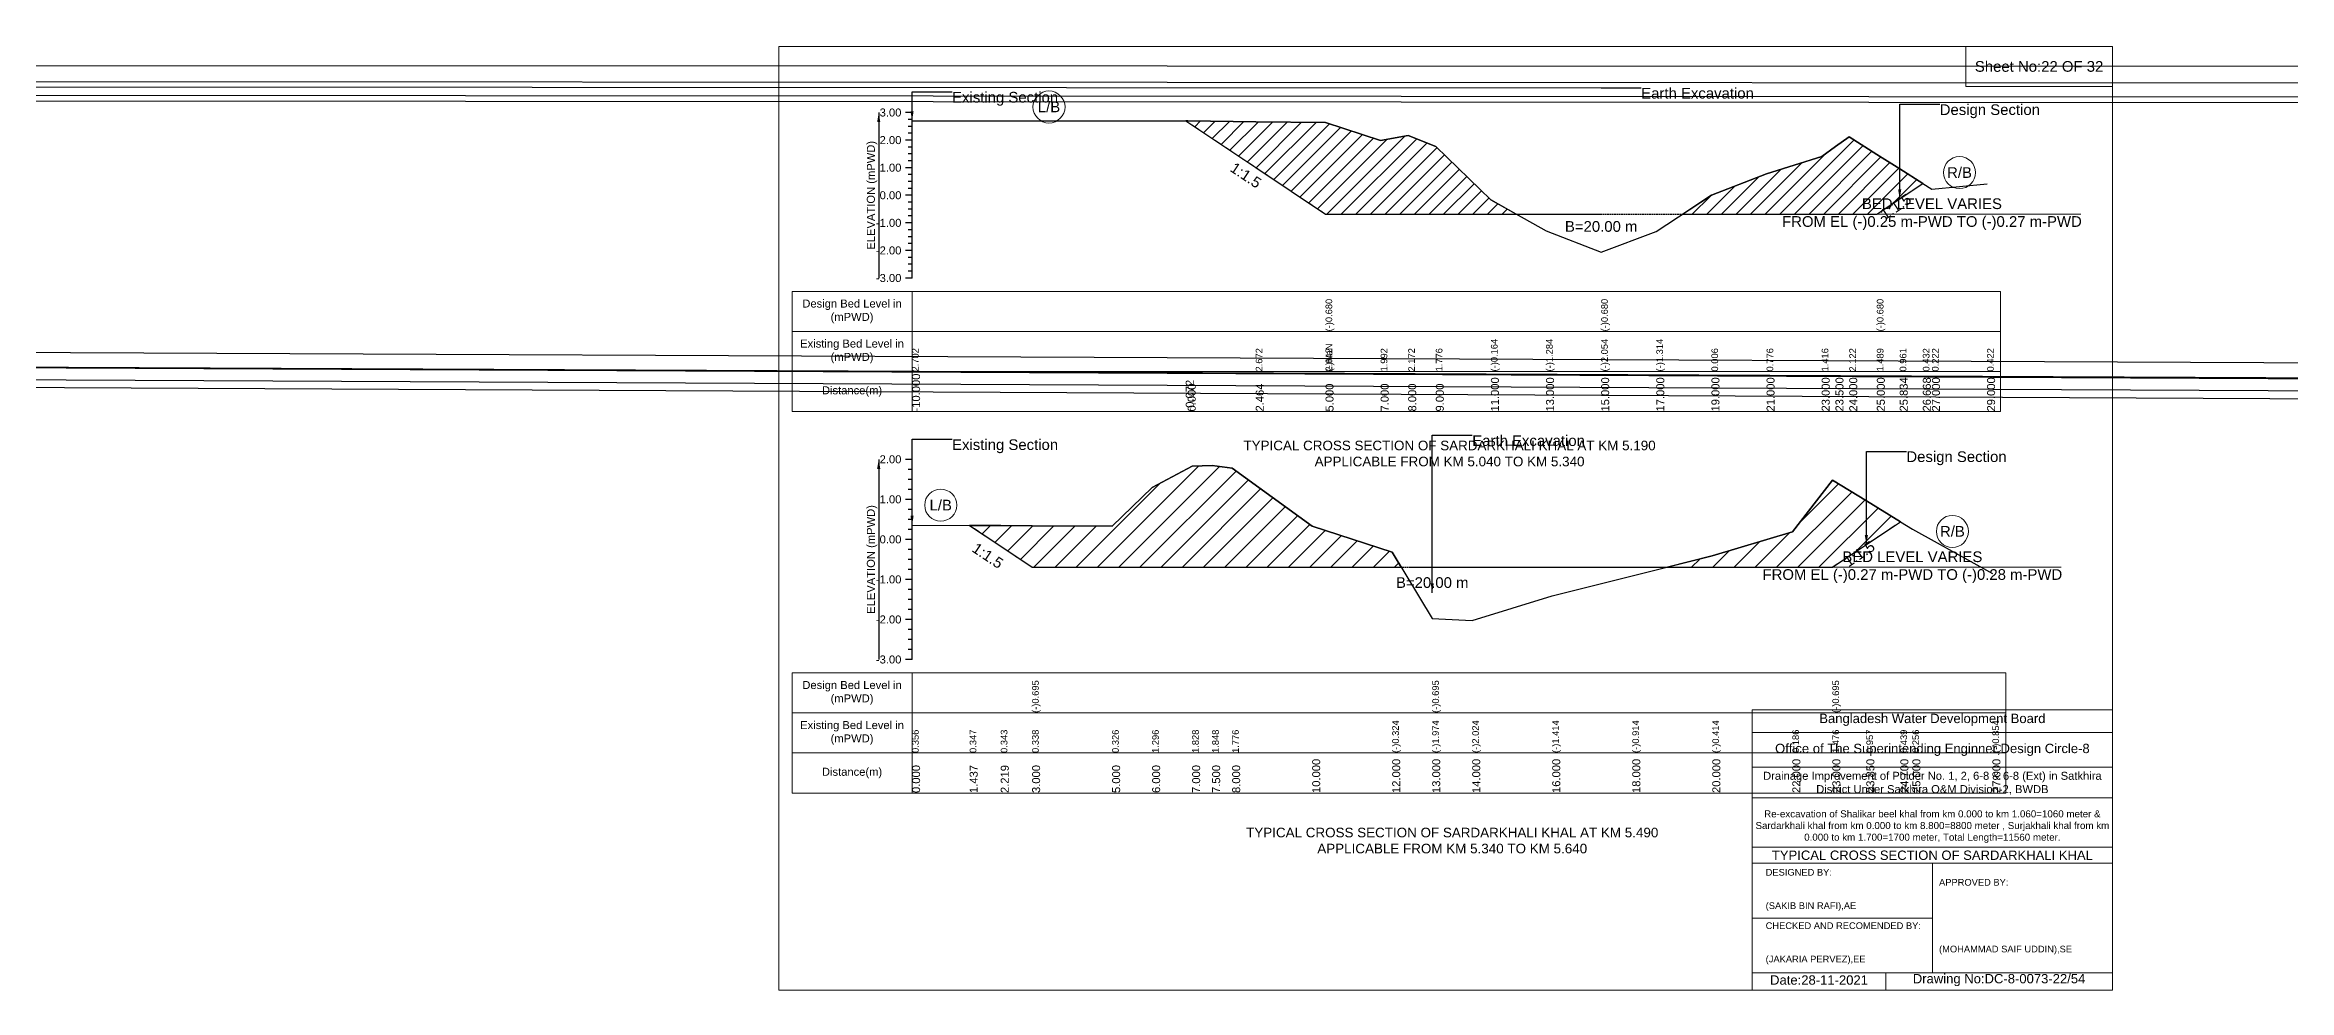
# Model space of a CAD drawing. Header units: inches. Extents: x 0 to 416000, y -4242 to 7.
# Drawn here: x 306699 to 316795, y -4242 to 7 of the extents above; entities that cross this region are included whole.
import ezdxf

# ---------------------------------------------------------------- set-up
doc = ezdxf.new("R2010")
doc.units = ezdxf.units.IN
doc.header["$LTSCALE"] = 7
doc.header["$MEASUREMENT"] = 0
doc.linetypes.add('DASHED', pattern=[0.75, 0.5, -0.25])
for name, color, linetype, lineweight in [('Cross section Data Border', 7, 'Continuous', 9), ('Cross Section Labels', 7, 'Continuous', 9), ('Design_Bed_Level for Xsection', 7, 'DASHED', 25), ('Existing_Bed_Level for Xsection', 7, 'Continuous', 25), ('Long Section Labels', 7, 'Continuous', 9)]:
    doc.layers.add(name, color=color, linetype=linetype, lineweight=lineweight)
doc.styles.get("Standard").update_dxf_attribs({"font": 'arial.ttf'})
doc.dimstyles.get("Standard").update_dxf_attribs({"dimtxt": 0.18, "dimasz": 0.18, "dimexe": 0.18, "dimexo": 0.0625, "dimgap": 0.09, "dimtad": 0, "dimtih": 1, "dimtoh": 1, "dimdec": 4, "dimzin": 0, "dimdsep": 46, "dimtxsty": 'Standard', "dimcen": 0.09, "dimadec": 0, "dimazin": 0, "dimtfac": 1, "dimtdec": 4, "dimtofl": 0, "dimtmove": 0, "dimatfit": 3, "dimfxl": 1, "dimtolj": 1, "dimtzin": 0, "dimarcsym": 0})

msp = doc.modelspace()

# ---------------------------------------------------------------- hatches: boundary and pattern name
at = {"layer": 'Existing_Bed_Level for Xsection'}
h = msp.add_hatch(dxfattribs=at)
h.set_pattern_fill('ANSI31', color=256, scale=372, style=0)
h.paths.add_polyline_path([(311831, -334), (311840, -340), (312146, -544), (312460, -754), (312708, -754), (312832, -754), (312956, -754), (313204, -754), (313318, -754), (313204, -690), (312956, -449), (312832, -400), (312708, -422), (312460, -342), (312146, -338), (311840, -334)])
h = msp.add_hatch(dxfattribs=at)
h.set_pattern_fill('ANSI31', color=256, scale=372, style=0)
h.paths.add_polyline_path([(314067, -754), (314196, -754), (314444, -754), (314692, -754), (314754, -754), (314816, -754), (314940, -754), (315043, -685), (315147, -616), (315043, -550), (314940, -485), (314816, -406), (314754, -449), (314692, -494), (314444, -573), (314196, -669)])
h = msp.add_hatch(dxfattribs=at)
h.set_pattern_fill('ANSI31', color=256, scale=540, style=0)
h.paths.add_polyline_path([(310859, -2153), (310999, -2247), (311140, -2341), (311500, -2341), (311680, -2341), (311860, -2341), (311950, -2341), (312040, -2341), (312400, -2341), (312760, -2341), (312800, -2341), (312760, -2274), (312400, -2157), (312040, -1896), (311950, -1883), (311860, -1887), (311680, -1982), (311500, -2157), (311140, -2155), (310999, -2154)])
h = msp.add_hatch(dxfattribs=at)
h.set_pattern_fill('ANSI31', color=256, scale=540, style=0)
h.paths.add_polyline_path([(313998, -2341), (314200, -2341), (314560, -2341), (314740, -2341), (314893, -2239), (315046, -2137), (314893, -2043), (314740, -1950), (314560, -2182), (314200, -2290)])

# ---------------------------------------------------------------- linework, layer by layer
at = {"layer": 'Cross section Data Border'}
for points in [[(310000, 0), (316000, 0), (316000, -4242), (310000, -4242)], [(315340, 0), (316000, 0), (316000, -180), (315340, -180)], [(310060, -1101), (315496, -1101), (315496, -1641), (310060, -1641)], [(310060, -2816), (315520, -2816), (315520, -3356), (310060, -3356)]]:
    msp.add_lwpolyline(points, close=True, dxfattribs=at)
for points in [[(310600, -1101), (310600, -1641)], [(310060, -1281), (315496, -1281)], [(310060, -1461), (315496, -1461)], [(310600, -2816), (310600, -3356)], [(310060, -2996), (315520, -2996)], [(314380, -4242), (314380, -2982), (316000, -2982)], [(314380, -3084), (316000, -3084)], [(310060, -3176), (315520, -3176)], [(314380, -3240), (316000, -3240)], [(314380, -3378), (316000, -3378)], [(314380, -3600), (316000, -3600)], [(314380, -3672), (316000, -3672)], [(315190, -3672), (315190, -4164)], [(314380, -3918), (315190, -3918)], [(314380, -4164), (316000, -4164)], [(314980, -4164), (314980, -4242)]]:
    msp.add_lwpolyline(points, dxfattribs=at)
at = {"layer": 'Cross Section Labels'}
for points in [[(314518, -754), (315858, -754)], [(314430, -2341), (315770, -2341)]]:
    msp.add_lwpolyline(points, dxfattribs=at)
for centre in [(311216, -272), (315312, -567), (310729, -2062), (315280, -2180)]:
    msp.add_circle(centre, 72, dxfattribs=at)
at = {"layer": 'Design_Bed_Level for Xsection'}
for points in [[(311831, -334), (312146, -544), (312460, -754), (313700, -754), (314940, -754), (315043, -685), (315147, -616)], [(310859, -2153), (310999, -2247), (311140, -2341), (312940, -2341), (314740, -2341), (314893, -2239), (315046, -2137)]]:
    msp.add_lwpolyline(points, dxfattribs=at)
at = {"layer": 'Existing_Bed_Level for Xsection'}
for points in [[(310600, -297), (310570, -297)], [(310600, -1041), (310600, -917), (310600, -793), (310600, -669), (310600, -545), (310600, -421), (310600, -297)], [(310600, -328), (310582, -328)], [(310600, -359), (310582, -359)], [(310600, -390), (310582, -390)], [(310600, -334), (311831, -334), (311840, -334), (312146, -338), (312460, -342), (312460, -342), (312708, -422), (312832, -400), (312956, -449), (313204, -690), (313452, -829), (313700, -924), (313700, -924), (313948, -832), (314196, -669), (314444, -573), (314692, -494), (314754, -449), (314816, -406), (314940, -485), (314940, -485), (315043, -550), (315147, -616), (315188, -642), (315436, -617)], [(310600, -421), (310570, -421)], [(310600, -452), (310582, -452)], [(310600, -483), (310582, -483)], [(310600, -545), (310570, -545)], [(310600, -514), (310582, -514)], [(310600, -576), (310582, -576)], [(310600, -669), (310570, -669)], [(310600, -607), (310582, -607)], [(310600, -638), (310582, -638)], [(310600, -700), (310582, -700)], [(310600, -793), (310570, -793)], [(310600, -731), (310582, -731)], [(310600, -762), (310582, -762)], [(310600, -824), (310582, -824)], [(310600, -855), (310582, -855)], [(310600, -886), (310582, -886)], [(310600, -917), (310570, -917)], [(310600, -948), (310582, -948)], [(310600, -979), (310582, -979)], [(310600, -1041), (310570, -1041)], [(310600, -1010), (310582, -1010)], [(310600, -1856), (310570, -1856)], [(310600, -1901), (310582, -1901)], [(310600, -2756), (310600, -2576), (310600, -2396), (310600, -2216), (310600, -2036), (310600, -1856)], [(310600, -2152), (310859, -2153), (310999, -2154), (311140, -2155), (311140, -2155), (311500, -2157), (311680, -1982), (311860, -1887), (311950, -1883), (312040, -1896), (312400, -2157), (312760, -2274), (312940, -2571), (312940, -2571), (313120, -2580), (313480, -2470), (313840, -2380), (314200, -2290), (314560, -2182), (314740, -1950), (314740, -1950), (314893, -2043), (315046, -2137), (315100, -2170), (315460, -2369)], [(310600, -1946), (310582, -1946)], [(310600, -1991), (310582, -1991)], [(310600, -2036), (310570, -2036)], [(310600, -2081), (310582, -2081)], [(310600, -2216), (310570, -2216)], [(310600, -2126), (310582, -2126)], [(310600, -2171), (310582, -2171)], [(310600, -2261), (310582, -2261)], [(310600, -2306), (310582, -2306)], [(310600, -2396), (310570, -2396)], [(310600, -2351), (310582, -2351)], [(310600, -2441), (310582, -2441)], [(310600, -2486), (310582, -2486)], [(310600, -2576), (310570, -2576)], [(310600, -2531), (310582, -2531)], [(310600, -2621), (310582, -2621)], [(310600, -2666), (310582, -2666)], [(310600, -2711), (310582, -2711)], [(310600, -2756), (310570, -2756)]]:
    msp.add_lwpolyline(points, dxfattribs=at)
for points in [[(311831, -334), (311831, -334), (311840, -340), (312146, -544), (312460, -754), (312460, -754), (312708, -754), (312832, -754), (312956, -754), (313204, -754), (313318, -754), (313204, -690), (312956, -449), (312832, -400), (312708, -422), (312460, -342), (312460, -342), (312146, -338), (311840, -334), (311831, -334)], [(314067, -754), (314196, -754), (314444, -754), (314692, -754), (314754, -754), (314816, -754), (314940, -754), (314940, -754), (315043, -685), (315147, -616), (315147, -616), (315147, -616), (315043, -550), (314940, -485), (314940, -485), (314816, -406), (314754, -449), (314692, -494), (314444, -573), (314196, -669)], [(310859, -2153), (310999, -2247), (311140, -2341), (311140, -2341), (311500, -2341), (311680, -2341), (311860, -2341), (311950, -2341), (312040, -2341), (312400, -2341), (312760, -2341), (312800, -2341), (312760, -2274), (312400, -2157), (312040, -1896), (311950, -1883), (311860, -1887), (311680, -1982), (311500, -2157), (311140, -2155), (311140, -2155), (310999, -2154)], [(313998, -2341), (314200, -2341), (314560, -2341), (314740, -2341), (314740, -2341), (314893, -2239), (315046, -2137), (315046, -2137), (315046, -2137), (314893, -2043), (314740, -1950), (314740, -1950), (314560, -2182), (314200, -2290)]]:
    msp.add_lwpolyline(points, close=True, dxfattribs=at)

# ---------------------------------------------------------------- texts
at = {"layer": 'Cross section Data Border', "attachment_point": 5}
for s, insert, char_height in [('Sheet No:22 OF 32', (315670, -90), 48), ('Bangladesh Water Development Board', (315190, -3027), 42), ('Office of The Superintending Enginner,Design Circle-8', (315190, -3162), 42)]:
    msp.add_mtext(s, dxfattribs=dict(at, insert=insert, char_height=char_height))
at = {"layer": 'Cross section Data Border'}
for s, insert, char_height, width, attachment_point in [('Design Bed Level in (mPWD)', (310330, -1191), 36, 480, 5), ('Existing Bed Level in (mPWD)', (310330, -1371), 36, 480, 5), ('Distance(m)', (310330, -1551), 36, 480, 5), ('Design Bed Level in (mPWD)', (310330, -2906), 36, 480, 5), ('Existing Bed Level in (mPWD)', (310330, -3086), 36, 480, 5), ('Distance(m)', (310330, -3266), 36, 480, 5), ('Drainage Improvement of Polder No. 1, 2, 6-8 & 6-8 (Ext) in Satkhira District Under Satkhira O&M Division-2, BWDB', (315190, -3312), 36, 1680, 5), ('Re-excavation of Shalikar beel khal from km 0.000 to km 1.060=1060 meter & Sardarkhali khal from km 0.000 to km 8.800=8800 meter , Surjakhali khal from km 0.000 to km 1.700=1700 meter, Total Length=11560 meter.', (315190, -3507), 31.468, 1620, 5), ('TYPICAL CROSS SECTION OF SARDARKHALI KHAL', (315190, -3636), 42, 1680, 5), ('DESIGNED BY:^J^J^J(SAKIB BIN RAFI),AE', (314440, -3792), 30, 840, 4), ('APPROVED BY:^J^J^J^J^J^J(MOHAMMAD SAIF UDDIN),SE', (315220, -3912), 30, 840, 4), ('CHECKED AND RECOMENDED BY:^J^J^J(JAKARIA PERVEZ),EE', (314440, -4032), 30, 840, 4), ('Date:28-11-2021', (314680, -4197), 42, 840, 5), ('Drawing No:DC-8-0073-22/54', (315490, -4197), 42, 1320, 5)]:
    msp.add_mtext(s, dxfattribs=dict(at, insert=insert, char_height=char_height, width=width, attachment_point=attachment_point))
at = {"layer": 'Cross Section Labels'}
for s, insert, char_height, attachment_point in [('Existing Section', (310780, -204), 48, 1), ('Earth Excavation', (313880, -186), 48, 1), ('L/B', (311216, -272), 48, 5), ('Design Section', (315223, -260), 48, 1), ('R/B', (315312, -567), 48, 5), ('BED LEVEL VARIES ^JFROM EL (-)0.25 m-PWD TO (-)0.27 m-PWD', (315188, -754), 48, 5), ('B=20.00 m', (313700, -785), 48, 2), ('Existing Section', (310780, -1766), 48, 1), ('TYPICAL CROSS SECTION OF SARDARKHALI KHAL AT KM 5.190^JAPPLICABLE FROM KM 5.040 TO KM 5.340', (313018, -1830), 43.2, 5), ('Earth Excavation', (313120, -1748), 48, 1), ('Design Section', (315073, -1820), 48, 1), ('L/B', (310729, -2062), 48, 5), ('R/B', (315280, -2180), 48, 5), ('BED LEVEL VARIES ^JFROM EL (-)0.27 m-PWD TO (-)0.28 m-PWD', (315100, -2341), 48, 5), ('B=20.00 m', (312940, -2386), 48, 2), ('TYPICAL CROSS SECTION OF SARDARKHALI KHAL AT KM 5.490^JAPPLICABLE FROM KM 5.340 TO KM 5.640', (313030, -3570), 43.2, 5)]:
    msp.add_mtext(s, dxfattribs=dict(at, insert=insert, char_height=char_height, attachment_point=attachment_point))
at = {"layer": 'Cross Section Labels', "char_height": 48, "attachment_point": 2}
for insert, rotation in [((312115, -559), 326.3099), ((315012, -700), 33.6901), ((310954, -2269), 326.3099), ((314848, -2261), 33.6901)]:
    msp.add_mtext('1:1.5', dxfattribs=dict(at, insert=insert, rotation=rotation))
at = {"layer": 'Existing_Bed_Level for Xsection', "char_height": 36, "attachment_point": 6}
for s, insert in [('3.00', (310552, -297)), ('2.00', (310552, -421)), ('1.00', (310552, -545)), ('0.00', (310552, -669)), ('-1.00', (310552, -793)), ('-2.00', (310552, -917)), ('-3.00', (310552, -1041)), ('2.00', (310552, -1856)), ('1.00', (310552, -2036)), ('0.00', (310552, -2216)), ('-1.00', (310552, -2396)), ('-2.00', (310552, -2576)), ('-3.00', (310552, -2756))]:
    msp.add_mtext(s, dxfattribs=dict(at, insert=insert))
at = {"layer": 'Existing_Bed_Level for Xsection', "char_height": 36, "attachment_point": 5, "rotation": 90}
for insert in [(310420, -669), (310420, -2306)]:
    msp.add_mtext('ELEVATION (mPWD)', dxfattribs=dict(at, insert=insert))
at = {"layer": 'Long Section Labels', "attachment_point": 1, "rotation": 90}
for s, insert, char_height in [('(-)0.680', (312460, -1281), 30), ('(-)0.680', (313700, -1281), 30), ('(-)0.680', (314940, -1281), 30), ('2.702', (310600, -1461), 30), ('2.702', (310600, -1461), 30), ('2.702', (310600, -1461), 30), ('2.672', (312146, -1461), 30), ('(-)NaN', (312460, -1461), 30), ('(-)NaN', (312460, -1461), 30), ('2.642', (312460, -1461), 30), ('2.642', (312460, -1461), 30), ('1.992', (312708, -1461), 30), ('2.172', (312832, -1461), 30), ('1.776', (312956, -1461), 30), ('1.776', (312956, -1461), 30), ('(-)0.164', (313204, -1461), 30), ('(-)1.284', (313452, -1461), 30), ('(-)2.054', (313700, -1461), 30), ('(-)2.054', (313700, -1461), 30), ('(-)1.314', (313948, -1461), 30), ('0.006', (314196, -1461), 30), ('0.776', (314444, -1461), 30), ('1.416', (314692, -1461), 30), ('2.122', (314816, -1461), 30), ('1.489', (314940, -1461), 30), ('1.489', (314940, -1461), 30), ('1.489', (314940, -1461), 30), ('0.961', (315043, -1461), 30), ('0.432', (315147, -1461), 30), ('0.222', (315188, -1461), 30), ('0.422', (315436, -1461), 30), ('-10.000', (310600, -1641), 36), ('-0.072', (311831, -1641), 36), ('11.000', (313204, -1641), 36), ('13.000', (313452, -1641), 36), ('15.000', (313700, -1641), 36), ('15.000', (313700, -1641), 36), ('15.000', (313700, -1641), 36), ('17.000', (313948, -1641), 36), ('19.000', (314196, -1641), 36), ('21.000', (314444, -1641), 36), ('23.000', (314692, -1641), 36), ('23.500', (314754, -1641), 36), ('24.000', (314816, -1641), 36), ('25.000', (314940, -1641), 36), ('25.000', (314940, -1641), 36), ('25.000', (314940, -1641), 36), ('25.834', (315043, -1641), 36), ('26.668', (315147, -1641), 36), ('27.000', (315188, -1641), 36), ('29.000', (315436, -1641), 36), ('0.000', (311840, -1641), 36), ('2.464', (312146, -1641), 36), ('5.000', (312460, -1641), 36), ('5.000', (312460, -1641), 36), ('5.000', (312460, -1641), 36), ('7.000', (312708, -1641), 36), ('8.000', (312832, -1641), 36), ('9.000', (312956, -1641), 36), ('(-)0.695', (311140, -2996), 30), ('(-)0.695', (312940, -2996), 30), ('(-)0.695', (314740, -2996), 30), ('0.356', (310600, -3176), 30), ('0.347', (310859, -3176), 30), ('0.343', (310999, -3176), 30), ('0.338', (311140, -3176), 30), ('0.338', (311140, -3176), 30), ('0.338', (311140, -3176), 30), ('0.326', (311500, -3176), 30), ('0.326', (311500, -3176), 30), ('1.296', (311680, -3176), 30), ('1.828', (311860, -3176), 30), ('1.848', (311950, -3176), 30), ('1.776', (312040, -3176), 30), ('(-)0.324', (312760, -3176), 30), ('(-)1.974', (312940, -3176), 30), ('(-)1.974', (312940, -3176), 30), ('(-)1.974', (312940, -3176), 30), ('(-)2.024', (313120, -3176), 30), ('(-)1.414', (313480, -3176), 30), ('(-)0.914', (313840, -3176), 30), ('(-)0.414', (314200, -3176), 30), ('0.186', (314560, -3176), 30), ('1.476', (314740, -3176), 30), ('1.476', (314740, -3176), 30), ('1.476', (314740, -3176), 30), ('0.957', (314893, -3176), 30), ('0.439', (315046, -3176), 30), ('0.256', (315100, -3176), 30), ('(-)0.854', (315460, -3176), 30), ('10.000', (312400, -3356), 36), ('12.000', (312760, -3356), 36), ('13.000', (312940, -3356), 36), ('13.000', (312940, -3356), 36), ('13.000', (312940, -3356), 36), ('14.000', (313120, -3356), 36), ('16.000', (313480, -3356), 36), ('18.000', (313840, -3356), 36), ('20.000', (314200, -3356), 36), ('22.000', (314560, -3356), 36), ('23.000', (314740, -3356), 36), ('23.000', (314740, -3356), 36), ('23.000', (314740, -3356), 36), ('23.850', (314893, -3356), 36), ('24.700', (315046, -3356), 36), ('25.000', (315100, -3356), 36), ('27.000', (315460, -3356), 36), ('0.000', (310600, -3356), 36), ('1.437', (310859, -3356), 36), ('2.219', (310999, -3356), 36), ('3.000', (311140, -3356), 36), ('3.000', (311140, -3356), 36), ('3.000', (311140, -3356), 36), ('5.000', (311500, -3356), 36), ('6.000', (311680, -3356), 36), ('7.000', (311860, -3356), 36), ('7.500', (311950, -3356), 36), ('8.000', (312040, -3356), 36)]:
    msp.add_mtext(s, dxfattribs=dict(at, insert=insert, char_height=char_height))

# ---------------------------------------------------------------- leaders
at = {"layer": 'Cross Section Labels', "annotation_type": 0, "has_hookline": 1, "hookline_direction": 0}
for points, text_width in [([(0, 0), (313700, -186), (313880, -186)], 497), ([(0, 0), (322958, -1614), (323138, -1614)], 497), ([(0, 0), (332446, -171), (332626, -171)], 497), ([(0, 0), (332565, -1624), (332745, -1624)], 497), ([(0, 0), (342778, -95), (342958, -95)], 497), ([(0, 0), (342899, -1611), (343079, -1611)], 497), ([(0, 0), (372584, -1671), (372764, -1671)], 497), ([(0, 0), (383141, -273), (383321, -273)], 497), ([(0, 0), (382536, -1802), (382716, -1802)], 497), ([(0, 0), (392544, -312), (392724, -312)], 497), ([(0, 0), (402652, -287), (402832, -287)], 497), ([(310600, -334), (310600, -204), (310780, -204)], 467), ([(315043, -685), (315043, -260), (315223, -260)], 441), ([(310600, -2152), (310600, -1766), (310780, -1766)], 467), ([(312940, -2456), (312940, -1748), (313120, -1748)], 497), ([(314893, -2239), (314893, -1820), (315073, -1820)], 441)]:
    msp.add_leader(points, dimstyle='Standard', override={"dimasz": 43.2}, dxfattribs=dict(at, text_width=text_width))
at = {"layer": 'Existing_Bed_Level for Xsection'}
for points in [[(310450, -297), (310450, -1041)], [(310450, -1856), (310450, -2756)]]:
    msp.add_leader(points, dimstyle='Standard', override={"dimasz": 43.2}, dxfattribs=at)

doc.saveas('drawing.dxf')

* * * * *

Activity: Repeat exactly the lines from the first line of the records above through the line containing "color=color, linetype=linetype, lineweight=lineweight)", both included. Leave out the pictures.

Task response:
# Model space of a CAD drawing. Header units: inches. Extents: x 0 to 416000, y -4242 to 7.
# Drawn here: x 306699 to 316795, y -4242 to 7 of the extents above; entities that cross this region are included whole.
import ezdxf

# ---------------------------------------------------------------- set-up
doc = ezdxf.new("R2010")
doc.units = ezdxf.units.IN
doc.header["$LTSCALE"] = 7
doc.header["$MEASUREMENT"] = 0
doc.linetypes.add('DASHED', pattern=[0.75, 0.5, -0.25])
for name, color, linetype, lineweight in [('Cross section Data Border', 7, 'Continuous', 9), ('Cross Section Labels', 7, 'Continuous', 9), ('Design_Bed_Level for Xsection', 7, 'DASHED', 25), ('Existing_Bed_Level for Xsection', 7, 'Continuous', 25), ('Long Section Labels', 7, 'Continuous', 9)]:
    doc.layers.add(name, color=color, linetype=linetype, lineweight=lineweight)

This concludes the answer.